(Dataset records)
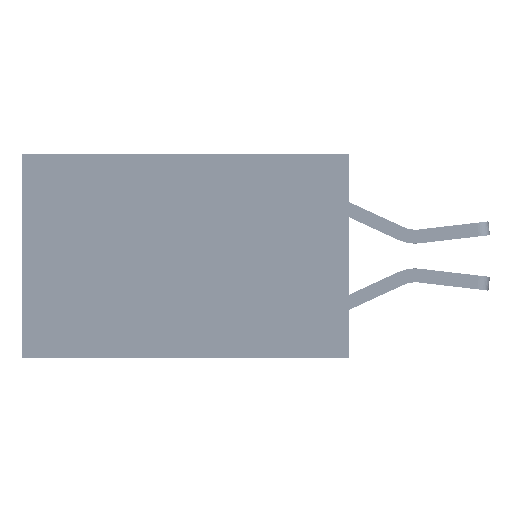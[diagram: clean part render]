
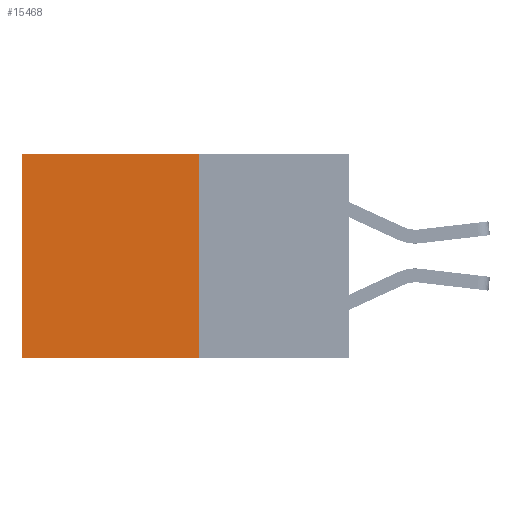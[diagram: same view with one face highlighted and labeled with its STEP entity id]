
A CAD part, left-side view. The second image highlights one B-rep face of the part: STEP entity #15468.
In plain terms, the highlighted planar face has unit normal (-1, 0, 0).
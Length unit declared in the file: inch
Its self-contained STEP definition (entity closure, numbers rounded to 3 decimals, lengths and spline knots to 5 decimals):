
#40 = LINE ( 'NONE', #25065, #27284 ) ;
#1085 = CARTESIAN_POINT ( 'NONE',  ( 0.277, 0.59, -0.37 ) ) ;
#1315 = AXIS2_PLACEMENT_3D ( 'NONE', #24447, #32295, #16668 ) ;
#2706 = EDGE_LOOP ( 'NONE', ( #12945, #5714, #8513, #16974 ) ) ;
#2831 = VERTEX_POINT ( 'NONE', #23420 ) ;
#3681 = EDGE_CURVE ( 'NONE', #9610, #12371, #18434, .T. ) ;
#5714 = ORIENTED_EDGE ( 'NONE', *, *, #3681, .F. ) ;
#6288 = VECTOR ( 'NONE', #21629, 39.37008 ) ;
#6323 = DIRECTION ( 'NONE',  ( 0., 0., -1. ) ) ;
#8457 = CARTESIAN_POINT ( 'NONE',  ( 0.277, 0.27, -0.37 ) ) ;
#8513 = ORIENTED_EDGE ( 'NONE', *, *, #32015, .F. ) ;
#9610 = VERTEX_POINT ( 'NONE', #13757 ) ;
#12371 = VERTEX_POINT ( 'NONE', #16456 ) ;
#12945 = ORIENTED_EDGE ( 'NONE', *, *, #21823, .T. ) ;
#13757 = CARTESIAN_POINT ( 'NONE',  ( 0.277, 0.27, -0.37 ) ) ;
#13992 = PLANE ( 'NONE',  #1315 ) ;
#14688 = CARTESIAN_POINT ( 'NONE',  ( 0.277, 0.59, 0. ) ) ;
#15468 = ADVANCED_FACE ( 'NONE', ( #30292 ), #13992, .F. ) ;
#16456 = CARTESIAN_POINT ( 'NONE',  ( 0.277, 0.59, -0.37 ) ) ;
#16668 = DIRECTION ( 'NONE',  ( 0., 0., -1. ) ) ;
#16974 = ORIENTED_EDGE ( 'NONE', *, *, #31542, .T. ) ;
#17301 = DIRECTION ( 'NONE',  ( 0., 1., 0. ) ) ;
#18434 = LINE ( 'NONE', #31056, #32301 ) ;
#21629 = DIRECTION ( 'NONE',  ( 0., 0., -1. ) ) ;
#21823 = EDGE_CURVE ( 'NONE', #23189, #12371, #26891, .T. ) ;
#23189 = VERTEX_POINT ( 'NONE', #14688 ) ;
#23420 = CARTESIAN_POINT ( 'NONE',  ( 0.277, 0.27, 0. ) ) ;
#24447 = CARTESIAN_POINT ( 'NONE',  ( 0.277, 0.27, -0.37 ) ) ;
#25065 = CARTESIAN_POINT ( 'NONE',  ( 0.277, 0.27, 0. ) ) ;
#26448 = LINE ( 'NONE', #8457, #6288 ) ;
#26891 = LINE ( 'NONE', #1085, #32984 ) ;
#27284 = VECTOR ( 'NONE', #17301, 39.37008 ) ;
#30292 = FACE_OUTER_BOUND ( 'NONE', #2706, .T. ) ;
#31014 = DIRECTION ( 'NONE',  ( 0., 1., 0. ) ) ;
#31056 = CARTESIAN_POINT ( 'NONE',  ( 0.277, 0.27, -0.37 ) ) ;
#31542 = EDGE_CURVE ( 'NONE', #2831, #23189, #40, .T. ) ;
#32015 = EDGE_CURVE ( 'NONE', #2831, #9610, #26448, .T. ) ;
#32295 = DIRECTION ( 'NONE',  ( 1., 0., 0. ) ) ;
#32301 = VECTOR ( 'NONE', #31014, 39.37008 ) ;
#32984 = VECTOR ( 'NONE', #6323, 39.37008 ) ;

> What you should do
Would you please write out the entries in full, exactly as they read, but without pictures?

> Response to the exercise
[diagram: clean part render]
[diagram: same view with one face highlighted and labeled with its STEP entity id]
A CAD part, left-side view. The second image highlights one B-rep face of the part: STEP entity #15468.
In plain terms, the highlighted planar face has unit normal (-1, 0, 0).
Length unit declared in the file: inch
Its self-contained STEP definition (entity closure, numbers rounded to 3 decimals, lengths and spline knots to 5 decimals):
#40 = LINE ( 'NONE', #25065, #27284 ) ;
#1085 = CARTESIAN_POINT ( 'NONE',  ( 0.277, 0.59, -0.37 ) ) ;
#1315 = AXIS2_PLACEMENT_3D ( 'NONE', #24447, #32295, #16668 ) ;
#2706 = EDGE_LOOP ( 'NONE', ( #12945, #5714, #8513, #16974 ) ) ;
#2831 = VERTEX_POINT ( 'NONE', #23420 ) ;
#3681 = EDGE_CURVE ( 'NONE', #9610, #12371, #18434, .T. ) ;
#5714 = ORIENTED_EDGE ( 'NONE', *, *, #3681, .F. ) ;
#6288 = VECTOR ( 'NONE', #21629, 39.37008 ) ;
#6323 = DIRECTION ( 'NONE',  ( 0., 0., -1. ) ) ;
#8457 = CARTESIAN_POINT ( 'NONE',  ( 0.277, 0.27, -0.37 ) ) ;
#8513 = ORIENTED_EDGE ( 'NONE', *, *, #32015, .F. ) ;
#9610 = VERTEX_POINT ( 'NONE', #13757 ) ;
#12371 = VERTEX_POINT ( 'NONE', #16456 ) ;
#12945 = ORIENTED_EDGE ( 'NONE', *, *, #21823, .T. ) ;
#13757 = CARTESIAN_POINT ( 'NONE',  ( 0.277, 0.27, -0.37 ) ) ;
#13992 = PLANE ( 'NONE',  #1315 ) ;
#14688 = CARTESIAN_POINT ( 'NONE',  ( 0.277, 0.59, 0. ) ) ;
#15468 = ADVANCED_FACE ( 'NONE', ( #30292 ), #13992, .F. ) ;
#16456 = CARTESIAN_POINT ( 'NONE',  ( 0.277, 0.59, -0.37 ) ) ;
#16668 = DIRECTION ( 'NONE',  ( 0., 0., -1. ) ) ;
#16974 = ORIENTED_EDGE ( 'NONE', *, *, #31542, .T. ) ;
#17301 = DIRECTION ( 'NONE',  ( 0., 1., 0. ) ) ;
#18434 = LINE ( 'NONE', #31056, #32301 ) ;
#21629 = DIRECTION ( 'NONE',  ( 0., 0., -1. ) ) ;
#21823 = EDGE_CURVE ( 'NONE', #23189, #12371, #26891, .T. ) ;
#23189 = VERTEX_POINT ( 'NONE', #14688 ) ;
#23420 = CARTESIAN_POINT ( 'NONE',  ( 0.277, 0.27, 0. ) ) ;
#24447 = CARTESIAN_POINT ( 'NONE',  ( 0.277, 0.27, -0.37 ) ) ;
#25065 = CARTESIAN_POINT ( 'NONE',  ( 0.277, 0.27, 0. ) ) ;
#26448 = LINE ( 'NONE', #8457, #6288 ) ;
#26891 = LINE ( 'NONE', #1085, #32984 ) ;
#27284 = VECTOR ( 'NONE', #17301, 39.37008 ) ;
#30292 = FACE_OUTER_BOUND ( 'NONE', #2706, .T. ) ;
#31014 = DIRECTION ( 'NONE',  ( 0., 1., 0. ) ) ;
#31056 = CARTESIAN_POINT ( 'NONE',  ( 0.277, 0.27, -0.37 ) ) ;
#31542 = EDGE_CURVE ( 'NONE', #2831, #23189, #40, .T. ) ;
#32015 = EDGE_CURVE ( 'NONE', #2831, #9610, #26448, .T. ) ;
#32295 = DIRECTION ( 'NONE',  ( 1., 0., 0. ) ) ;
#32301 = VECTOR ( 'NONE', #31014, 39.37008 ) ;
#32984 = VECTOR ( 'NONE', #6323, 39.37008 ) ;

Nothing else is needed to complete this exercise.